# New Wine shed



## Cajun Wine Man (Feb 23, 2010)

I have been working on my new wine making/cellar shed.


Went from this 







to this






the inside Rt.






Inside Lt.






I have decided what to do with the oposite wall yet.


----------



## fivebk (Feb 23, 2010)

VERY NICE!!!!!!!!

BOB


----------



## appleweld (Feb 23, 2010)

cajun man, what a cool idea. a doghouse any man would love to be sent to. i posted the diamond wine rack acouple days ago, now your giving me a new idea as for a permanent location. as for the other wall, i would dedicate a small space for a tv so you could watch nascar on the weekends.


----------



## Scott (Feb 23, 2010)

Nice work indeed


----------



## ibglowin (Feb 23, 2010)

That would be what we call a "man cave" in these parts!





Very nice upgrade from what it was. You might even be able to rent that place out when your not making wine!


----------



## admiral (Feb 23, 2010)

Very nice work, Robert! It looks like you have room for expansion when the time comes.


----------



## AlFulchino (Feb 23, 2010)

Nice!


----------



## peaches9324 (Feb 23, 2010)

GOOD job!


----------



## Bert (Feb 23, 2010)

Looks great!!! Maybe more wine racks on that open wall....can never have enough room for wine bottles.....very nice job..


----------



## robie (Feb 23, 2010)

Fabulous!


----------



## grapeman (Feb 23, 2010)

That is just so WRONG! You can't be making wine in that place- you will be giving the rest of a a bad rap with the public. They will see yours and think all wineries should look like that!


----------



## Waldo (Feb 23, 2010)




----------



## pro71bird (Feb 24, 2010)

Very nice!


----------



## Goodfella (Feb 24, 2010)

THAT IS SWEET!!!!


Are you going to have an AC unit to keep it cool?


----------



## NEBama (Feb 24, 2010)

Very nice


----------



## Scott B (Feb 24, 2010)

WOW Great job!


----------



## Wade E (Feb 24, 2010)

SAAAAWWWWWEEEEEEEEETTTTTTTTTTTT!!!!!!!!!!!!!!!!!!!!!!!
I want to do this with beer brewing cause Im just running out of room in my basement with all m y wine but somehow get the feeling it wont make it past the swmbo!

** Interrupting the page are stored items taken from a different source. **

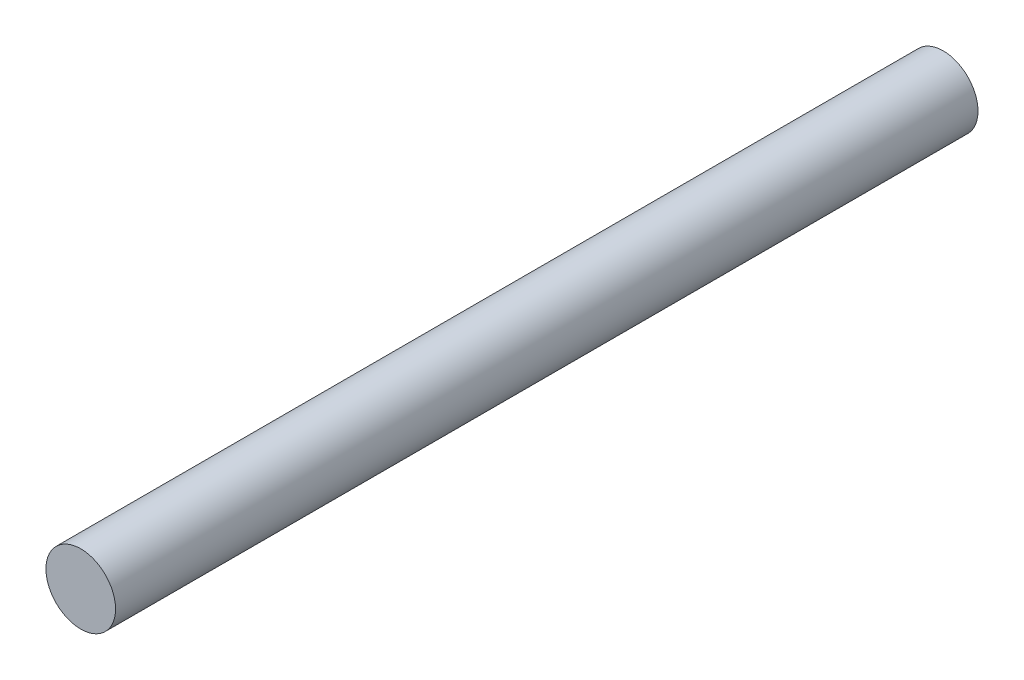
ISO-10303-21;
HEADER;
FILE_DESCRIPTION(('STEP AP214'),'2;1');
FILE_NAME('part.step','',(''),(''),'','','');
FILE_SCHEMA(('AUTOMOTIVE_DESIGN { 1 0 10303 214 1 1 1 1 }'));
ENDSEC;
DATA;
#1=APPLICATION_CONTEXT('core data for automotive mechanical design processes');
#2=APPLICATION_PROTOCOL_DEFINITION('international standard','automotive_design',2000,#1);
#3=PRODUCT_CONTEXT('',#1,'mechanical');
#4=PRODUCT('Part','Part','',(#3));
#5=PRODUCT_RELATED_PRODUCT_CATEGORY('part','',(#4));
#6=PRODUCT_DEFINITION_FORMATION('','',#4);
#7=PRODUCT_DEFINITION_CONTEXT('part definition',#1,'design');
#8=PRODUCT_DEFINITION('design','',#6,#7);
#9=PRODUCT_DEFINITION_SHAPE('','',#8);
#10=(LENGTH_UNIT() NAMED_UNIT(*) SI_UNIT(.MILLI.,.METRE.));
#11=(NAMED_UNIT(*) PLANE_ANGLE_UNIT() SI_UNIT($,.RADIAN.));
#12=(NAMED_UNIT(*) SI_UNIT($,.STERADIAN.) SOLID_ANGLE_UNIT());
#13=UNCERTAINTY_MEASURE_WITH_UNIT(LENGTH_MEASURE(1.E-05),#10,'distance_accuracy_value','');
#14=(GEOMETRIC_REPRESENTATION_CONTEXT(3) GLOBAL_UNCERTAINTY_ASSIGNED_CONTEXT((#13)) GLOBAL_UNIT_ASSIGNED_CONTEXT((#10,
#11,#12)) REPRESENTATION_CONTEXT('',''));
#15=CARTESIAN_POINT('',(0.,0.,0.));
#16=DIRECTION('',(0.,0.,1.));
#17=DIRECTION('',(1.,0.,0.));
#18=AXIS2_PLACEMENT_3D('',#15,#16,#17);
#19=CARTESIAN_POINT('',(0.,0.,280.));
#20=DIRECTION('',(0.,0.,-1.));
#21=DIRECTION('',(-1.,0.,0.));
#22=AXIS2_PLACEMENT_3D('',#19,#20,#21);
#23=CYLINDRICAL_SURFACE('',#22,11.3);
#24=CARTESIAN_POINT('',(0.,0.,280.));
#25=DIRECTION('',(0.,0.,1.));
#26=DIRECTION('',(1.,0.,0.));
#27=AXIS2_PLACEMENT_3D('',#24,#25,#26);
#28=CIRCLE('',#27,11.3);
#29=CARTESIAN_POINT('',(11.3,0.,280.));
#30=VERTEX_POINT('',#29);
#31=EDGE_CURVE('E10',#30,#30,#28,.T.);
#32=ORIENTED_EDGE('',*,*,#31,.F.);
#33=EDGE_LOOP('',(#32));
#34=FACE_BOUND('',#33,.T.);
#35=CARTESIAN_POINT('',(0.,0.,0.));
#36=DIRECTION('',(0.,0.,1.));
#37=DIRECTION('',(1.,0.,0.));
#38=AXIS2_PLACEMENT_3D('',#35,#36,#37);
#39=CIRCLE('',#38,11.3);
#40=CARTESIAN_POINT('',(11.3,0.,0.));
#41=VERTEX_POINT('',#40);
#42=EDGE_CURVE('E37',#41,#41,#39,.T.);
#43=ORIENTED_EDGE('',*,*,#42,.T.);
#44=EDGE_LOOP('',(#43));
#45=FACE_BOUND('',#44,.T.);
#46=ADVANCED_FACE('F34',(#34,#45),#23,.T.);
#47=CARTESIAN_POINT('',(0.,0.,280.));
#48=DIRECTION('',(0.,0.,1.));
#49=DIRECTION('',(1.,0.,0.));
#50=AXIS2_PLACEMENT_3D('',#47,#48,#49);
#51=PLANE('',#50);
#52=ORIENTED_EDGE('',*,*,#31,.T.);
#53=EDGE_LOOP('',(#52));
#54=FACE_BOUND('',#53,.T.);
#55=ADVANCED_FACE('F49',(#54),#51,.T.);
#56=CARTESIAN_POINT('',(0.,0.,0.));
#57=DIRECTION('',(0.,0.,1.));
#58=DIRECTION('',(1.,0.,0.));
#59=AXIS2_PLACEMENT_3D('',#56,#57,#58);
#60=PLANE('',#59);
#61=ORIENTED_EDGE('',*,*,#42,.F.);
#62=EDGE_LOOP('',(#61));
#63=FACE_BOUND('',#62,.T.);
#64=ADVANCED_FACE('F47',(#63),#60,.F.);
#65=CLOSED_SHELL('',(#46,#55,#64));
#66=MANIFOLD_SOLID_BREP('B2',#65);
#67=ADVANCED_BREP_SHAPE_REPRESENTATION('',(#18,#66),#14);
#68=SHAPE_DEFINITION_REPRESENTATION(#9,#67);
ENDSEC;
END-ISO-10303-21;

It does stand a chance though as every time I brew a batch she cant stand the smell and now that I have an electric set up ill be doing all my brew inside. Up till now Ive only done mini mashes inside, wait till she gets a whiff of what the house will smell like when I brew an all grain in the house, Ill have all the cash flow to build that brew cabana in no time at all!


----------



## rrawhide (Feb 24, 2010)

Fantastic job

now to enjoy

do not forget the a/c though

keep the pictures coming.

rrawhide


----------



## Big Ike (Feb 25, 2010)

Love it!


----------



## Goodfella (Mar 4, 2010)

Have you decided on a cooling unit?


----------



## xanxer82 (Mar 4, 2010)

looks great. it'll fill up fast


----------



## nursejohn (Mar 4, 2010)

Wow, what a great wine room. Looks great! Just to think, when I finally had a spare bedroom to call my wine room, I thought I had really moved up




.


----------



## vcasey (Mar 4, 2010)

Wow that is a nice shed! How are you controlling the temps?


----------



## Cajun Wine Man (Mar 9, 2010)

I will put a small AC in that should keep the temps steady at least. Here in SW Louisiana the temps can get *HOT* so I just try to keep it as cool as possible.


----------



## u01dtj6 (Mar 14, 2010)

Oh my god! I am very very very jealous!!


----------



## gaudet (Mar 14, 2010)

Cajun Wine Man said:


> I will put a small AC in that should keep the temps steady at least. Here in SW Louisiana the temps can get *HOT* so I just try to keep it as cool as possible.



You might want to put a little bigger ac in there Cajun........ Global warming and stuff.........


----------



## jeepbabe (Mar 16, 2010)

WOW! IMPRESSIVE!


----------



## RickC (Mar 17, 2010)

Gotta have one of those!!!!!!!!! Great job.


----------